Our Communities Are Supposed to Be Made Better–Not Bitter

For far too long we expected our communities to do something for us instead of us doing something for our communities. As a result, many non-Christian community leaders have come to see us as a leach, expecting special favors, sucking tax dollars, and offering nothing of value to those who don’t go to church.

Thankfully, there are many churches that have recently taken a different tack. They’ve made it their goal to serve their community so well that they’d be sorely missed if they left. Many have done it so well that they’ve received commendations and awards from both city and government leaders.

Unfortunately, much of the damage has already been done. After decades of taking, many community leaders still have a knee-jerk negative response to our churches, so much so that legal battles to expand or build a church have become commonplace. NIMBY (Not In My Back Yard) seems to be the prevailing attitude of the day.
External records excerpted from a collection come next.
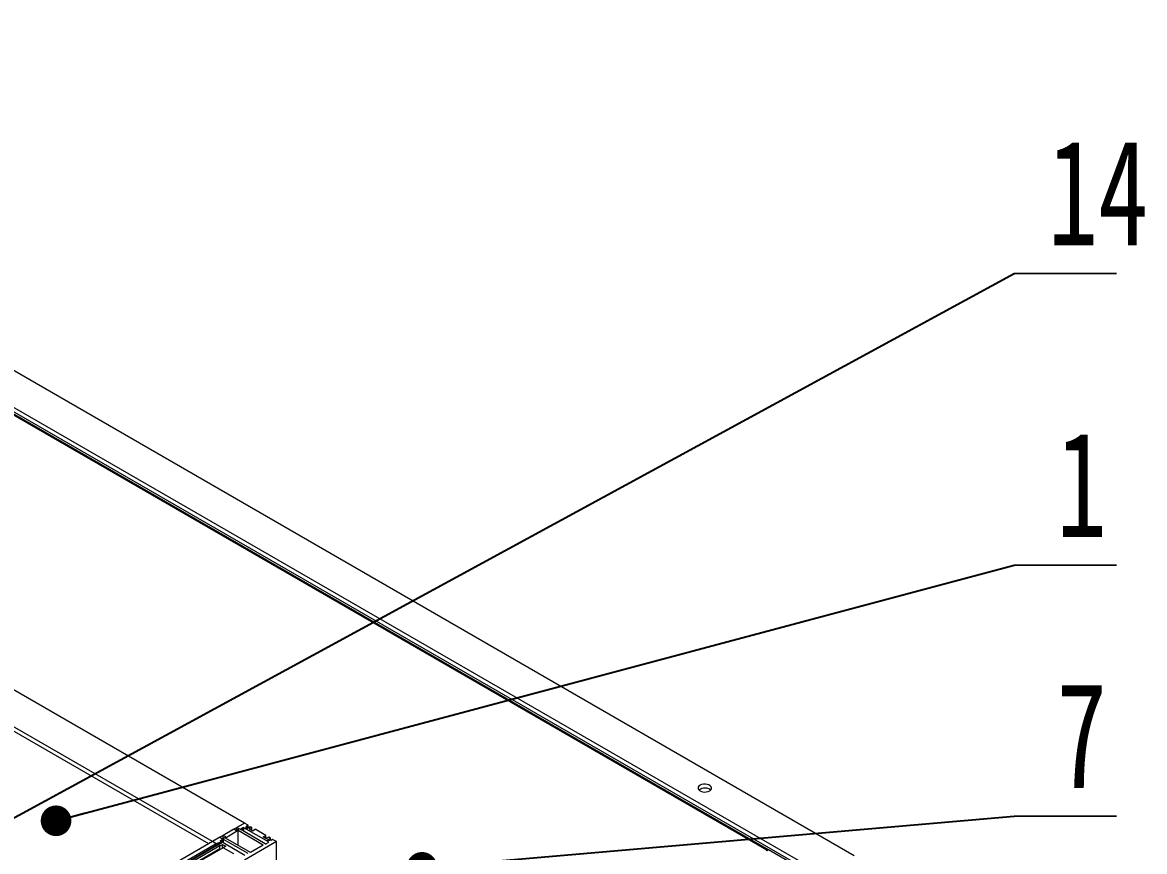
# Model space of a CAD drawing. Header units: millimetres. Extents: x 2 to 8402, y 4 to 5944.
# Drawn here: x 4366 to 5110, y 2540 to 3090 of the extents above; entities that cross this region are included whole.
import ezdxf

# ---------------------------------------------------------------- set-up
doc = ezdxf.new("R2010")
doc.units = ezdxf.units.MM
doc.header["$LTSCALE"] = 20
doc.layers.add('A-TITLEBLOCK', color=7, linetype='Continuous', lineweight=15)
doc.styles.add('SLDTEXTSTYLE1', font='TXT', dxfattribs={"width": 0.7})
doc.dimstyles.new('SLDDIMSTYLE1', dxfattribs={"dimtxt": 0.18, "dimasz": 20.32, "dimexe": 0, "dimexo": 0.0625, "dimgap": 0, "dimtad": 0, "dimtih": 1, "dimtoh": 1, "dimdec": 0, "dimrnd": 1e-09, "dimzin": 0, "dimdsep": 46, "dimtxsty": 'Standard', "dimblk1": 'DOT', "dimblk2": 'DOT', "dimsah": 1, "dimcen": 0.09, "dimadec": 0, "dimazin": 0, "dimtfac": 20.32, "dimtdec": 0, "dimtofl": 0, "dimtmove": 0, "dimatfit": 3, "dimldrblk": 'DOT', "dimfxl": 0, "dimfrac": 2, "dimtolj": 1, "dimtzin": 0, "dimarcsym": 0})

# ---------------------------------------------------------------- blocks, each defined once
blk = doc.blocks.new('SW_NOTE_4')
at = {"layer": 'A-TITLEBLOCK', "color": 0}
for p, q in [((0, 0), (67.91, 0)), ((67.91, 0), (0, 0)), ((0, 0), (67.91, 0)), ((67.91, 0), (0, 0)), ((0, 0), (67.91, 0)), ((67.91, 0), (0, 0))]:
    blk.add_line(p, q, dxfattribs=at)
at = {"layer": 'A-TITLEBLOCK', "color": 0, "insert": (55.73, 88.71), "char_height": 70, "attachment_point": 2, "style": 'SLDTEXTSTYLE1'}
blk.add_mtext('14', dxfattribs=at)
blk = doc.blocks.new('_DOT')
at = {"color": 0, "linetype": 'ByBlock', "lineweight": -2}
blk.add_line((-0.5, 0), (-1, 0), dxfattribs=at)
at = {"color": 0, "linetype": 'ByBlock', "const_width": 0.5}
blk.add_lwpolyline([(-0.25, 0, 1), (0.25, 0, 1)], format="xyb", close=True, dxfattribs=at)
blk = doc.blocks.new('SW_NOTE_5')
at = {"layer": 'A-TITLEBLOCK', "color": 0}
for p, q in [((0, 0), (67.91, 0)), ((67.91, 0), (0, 0)), ((0, 0), (67.91, 0)), ((67.91, 0), (0, 0)), ((0, 0), (67.91, 0)), ((67.91, 0), (0, 0))]:
    blk.add_line(p, q, dxfattribs=at)
at = {"layer": 'A-TITLEBLOCK', "color": 0, "insert": (44.89, 88.71), "char_height": 70, "attachment_point": 2, "style": 'SLDTEXTSTYLE1'}
blk.add_mtext('7', dxfattribs=at)
blk = doc.blocks.new('SW_NOTE_19')
at = {"layer": 'A-TITLEBLOCK', "color": 0}
for p, q in [((0, 0), (67.91, 0)), ((67.91, 0), (0, 0)), ((0, 0), (67.91, 0)), ((67.91, 0), (0, 0)), ((0, 0), (67.91, 0)), ((67.91, 0), (0, 0))]:
    blk.add_line(p, q, dxfattribs=at)
at = {"layer": 'A-TITLEBLOCK', "color": 0, "insert": (44.84, 88.71), "char_height": 70, "attachment_point": 2, "style": 'SLDTEXTSTYLE1'}
blk.add_mtext('1', dxfattribs=at)

msp = doc.modelspace()

# ---------------------------------------------------------------- linework, layer by layer
at = {"color": 7, "linetype": 'Continuous', "lineweight": 15}
for p, q in [((4513.217, 2559.024), (3593.271, 3090.097)), ((4492.004, 2546.778), (3572.058, 3077.851)), ((4489.529, 2545.349), (3572.058, 3074.993)), ((4917.682, 2537.347), (3997.736, 3068.421)), ((4896.469, 2525.101), (3976.523, 3056.175)), ((4893.994, 2523.672), (3976.523, 3053.317)), ((4860.76, 2541.225), (4012.02, 3031.192)), ((4012.02, 3030.784), (4859.841, 2541.347)), ((4860.241, 2541.387), (4012.42, 3030.823)), ((4513.217, 2559.024), (4492.004, 2546.778)), ((4506.146, 2554.942), (4499.075, 2550.86)), ((4509.151, 2554.023), (4500.666, 2549.125)), ((4507.914, 2553.921), (4506.146, 2554.942)), ((4510.035, 2555.146), (4507.914, 2553.921)), ((4513.217, 2559.024), (4508.268, 2556.166)), ((4508.268, 2556.166), (4510.035, 2555.146)), ((4508.268, 2554.125), (4508.268, 2556.166)), ((4525.768, 2544.43), (4509.151, 2554.023)), ((4509.151, 2544.226), (4509.151, 2554.023)), ((4512.157, 2555.962), (4510.742, 2555.146)), ((4527.006, 2545.349), (4510.742, 2554.738)), ((4529.127, 2546.573), (4512.864, 2555.962)), ((4515.692, 2557.595), (4513.217, 2559.024)), ((4514.985, 2556.779), (4513.924, 2556.166)), ((4513.924, 2556.166), (4514.985, 2555.554)), ((4515.692, 2557.595), (4514.632, 2556.983)), ((4514.632, 2556.983), (4514.985, 2556.779)), ((4514.985, 2555.554), (4517.106, 2556.779)), ((4514.985, 2555.554), (4514.985, 2556.779)), ((4515.692, 2555.962), (4515.692, 2557.595)), ((4518.167, 2556.166), (4516.399, 2555.146)), ((4516.399, 2555.146), (4518.521, 2553.921)), ((4517.106, 2556.779), (4518.167, 2556.166)), ((4518.167, 2554.125), (4518.167, 2556.166)), ((4518.521, 2553.921), (4520.288, 2554.942)), ((4527.359, 2550.86), (4520.288, 2554.942)), ((4492.004, 2546.778), (4385.938, 2485.547)), ((4496.954, 2549.635), (4492.004, 2546.778)), ((4494.479, 2545.349), (4492.004, 2546.778)), ((4494.479, 2545.349), (4495.54, 2545.961)), ((4495.54, 2545.961), (4495.893, 2545.757)), ((4495.54, 2544.328), (4495.54, 2545.961)), ((4495.893, 2545.757), (4496.954, 2546.369)), ((4496.954, 2549.635), (4498.722, 2548.614)), ((4496.954, 2546.369), (4498.015, 2545.757)), ((4496.954, 2545.145), (4496.954, 2546.369)), ((4497.307, 2547.39), (4498.722, 2548.206)), ((4513.571, 2537.593), (4497.307, 2546.982)), ((4498.722, 2548.614), (4500.843, 2549.839)), ((4500.843, 2549.839), (4499.075, 2550.86)), ((4499.075, 2548.819), (4499.075, 2550.86)), ((4515.692, 2538.818), (4499.429, 2548.206)), ((4517.283, 2539.532), (4500.666, 2549.125)), ((4534.43, 2546.778), (4513.217, 2534.531)), ((4525.592, 2549.839), (4527.359, 2550.86)), ((4527.713, 2548.614), (4525.592, 2549.839)), ((4527.359, 2548.819), (4527.359, 2550.86)), ((4529.481, 2549.635), (4527.713, 2548.614)), ((4529.127, 2546.165), (4527.713, 2545.349)), ((4528.42, 2547.798), (4530.541, 2549.023)), ((4529.481, 2547.186), (4528.42, 2547.798)), ((4530.541, 2549.023), (4529.481, 2549.635)), ((4530.541, 2547.798), (4529.481, 2547.186)), ((4530.541, 2547.798), (4530.541, 2549.023)), ((4530.895, 2547.594), (4530.541, 2547.798)), ((4531.956, 2548.206), (4530.895, 2547.594)), ((4534.43, 2546.778), (4531.956, 2548.206)), ((4534.43, 1737.586), (4534.43, 2546.778)), ((4494.479, 2545.349), (4388.413, 2484.118)), ((4494.479, 2544.124), (4388.413, 2482.893)), ((4495.893, 2544.532), (4389.827, 2483.302)), ((4496.954, 2543.92), (4390.888, 2482.69)), ((4496.954, 2541.879), (4390.888, 2480.648)), ((4499.075, 2542.696), (4393.009, 2481.465)), ((4494.479, 2544.124), (4494.479, 2545.349)), ((4494.479, 2544.124), (4494.832, 2543.92)), ((4498.015, 2545.757), (4495.893, 2544.532)), ((4495.893, 2544.533), (4495.893, 2545.757)), ((4496.954, 2543.92), (4495.893, 2544.532)), ((4496.954, 2543.92), (4498.722, 2544.941)), ((4496.954, 2541.879), (4496.954, 2543.92)), ((4496.954, 2541.879), (4497.307, 2541.675)), ((4498.722, 2544.941), (4500.843, 2543.716)), ((4498.722, 2542.491), (4498.722, 2544.941)), ((4500.843, 2543.716), (4499.075, 2542.696)), ((4506.146, 2538.613), (4499.075, 2542.696)), ((4525.768, 2544.43), (4517.283, 2539.532)), ((4859.275, 2541.021), (4859.841, 2541.347)), ((4859.841, 2540.694), (4859.275, 2541.021)), ((4860.972, 2541.347), (4859.841, 2540.694)), ((4892.792, 2522.978), (4860.972, 2541.347))]:
    msp.add_line(p, q, dxfattribs=at)
at = {"color": 8, "linetype": 'Continuous', "lineweight": 15}
for p, q in [((4510.742, 2554.738), (4510.742, 2555.146)), ((4512.157, 2553.921), (4512.157, 2555.962)), ((4512.864, 2553.513), (4512.864, 2555.962)), ((4497.307, 2546.982), (4497.307, 2547.39)), ((4498.722, 2546.165), (4498.722, 2548.206)), ((4499.429, 2545.757), (4499.429, 2548.206)), ((4529.127, 2546.165), (4529.127, 2546.573)), ((4859.841, 2541.347), (4859.841, 2540.694))]:
    msp.add_line(p, q, dxfattribs=at)
at = {"color": 7, "linetype": 'Continuous', "lineweight": 15, "flags": 128}
msp.add_lwpolyline([(4821.869, 2580.413), (4822.637, 2581.005), (4823.085, 2581.698), (4823.176, 2582.435), (4822.904, 2583.158), (4822.29, 2583.807), (4821.384, 2584.329), (4820.26, 2584.684), (4819.008, 2584.841), (4817.731, 2584.788), (4816.531, 2584.53), (4815.505, 2584.087), (4814.738, 2583.495), (4814.29, 2582.802), (4814.199, 2582.065), (4814.471, 2581.342), (4815.085, 2580.693), (4815.991, 2580.17), (4817.115, 2579.816), (4818.366, 2579.659), (4819.644, 2579.711), (4820.844, 2579.97), (4821.869, 2580.413)], dxfattribs=at)
at = {"color": 7, "linetype": 'Continuous', "lineweight": 15}
for centre, radius, start, end in [((4818.687, 2575.951), 6.3, 52.11281, 127.88719), ((4510.82, 2554.942), 0.218, 110.791331, 249.214585), ((4512.51, 2555.28), 0.769, 62.61025, 117.387778), ((4497.385, 2547.186), 0.218, 110.790725, 249.212232), ((4499.075, 2547.524), 0.769, 62.611345, 117.386684), ((4529.05, 2546.369), 0.218, 290.789058, 69.216857), ((4527.359, 2546.031), 0.769, 242.611345, 297.386684), ((4860.062, 2541.076), 0.349, 350.786807, 129.202441)]:
    msp.add_arc(centre, radius, start, end, dxfattribs=at)

# ---------------------------------------------------------------- block references
at = {"layer": 'A-TITLEBLOCK'}
for name, p in [('SW_NOTE_4', (5023.769, 2923.599)), ('SW_NOTE_19', (5023.769, 2730.051)), ('SW_NOTE_5', (5023.769, 2563.667))]:
    msp.add_blockref(name, p, dxfattribs=at)

# ---------------------------------------------------------------- leaders
for points in [[(4206.126, 2478.601), (5023.769, 2923.599)], [(4388.26, 2560.57), (5023.769, 2730.051)], [(4631.016, 2529.693), (5023.769, 2563.667)]]:
    msp.add_leader(points, dimstyle='SLDDIMSTYLE1', dxfattribs=at)

doc.saveas('drawing.dxf')
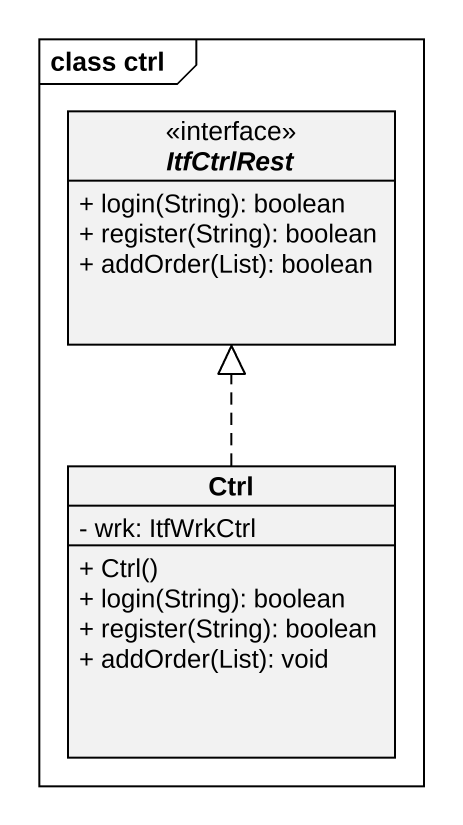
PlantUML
@startuml
mainframe class ctrl
hide circle
hide empty members
skinparam classAttributeIconSize 0
interface ItfCtrlRest {
  + login(String): boolean
  + register(String): boolean
  + addOrder(List): boolean
}
class Ctrl {
  - wrk: ItfWrkCtrl
  + Ctrl()
  + login(String): boolean
  + register(String): boolean
  + addOrder(List): void
}
Ctrl .up.|> ItfCtrlRest
@enduml

Once again, we have brought this upon ourselves. We’ve been salt in the saltshaker. And though many of us are now getting out of the saltshaker and into the community, we have a long way to go until the prevailing attitude becomes, “Did you hear the good news? They’re starting up a new church in our community.”

Can We Stem the Tide?

All of these things have contributed to an increasingly negative overall view of Christians, churches, and pastors.

The local church is God’s plan A. There is no plan B. When the church repels (or becomes irrelevant), the ministry of Jesus is thwarted. We are His bride, His body, and His family. When we fail to show His beauty and grace, there is no one to step up and take our place.

Frankly, we’ve been overrun by a cultural tsunami. The culture wars are over. We lost. But that shouldn’t cause us to give up hope. We are in far better shape than the early church was in Rome. The hostilities we face and the cultural opposition are nothing compared to what the early church faced.

Yet I am hopeful. The tide can be stemmed. My hope is not in human efforts. My hope is in Jesus’s promise. He said he would build his church, and the gates of hell could not hold it back. I believe that as we take note of our drift and humbly realign our churches and ourselves with our God-given mission and calling, we have every reason to believe that God can and will work powerfully.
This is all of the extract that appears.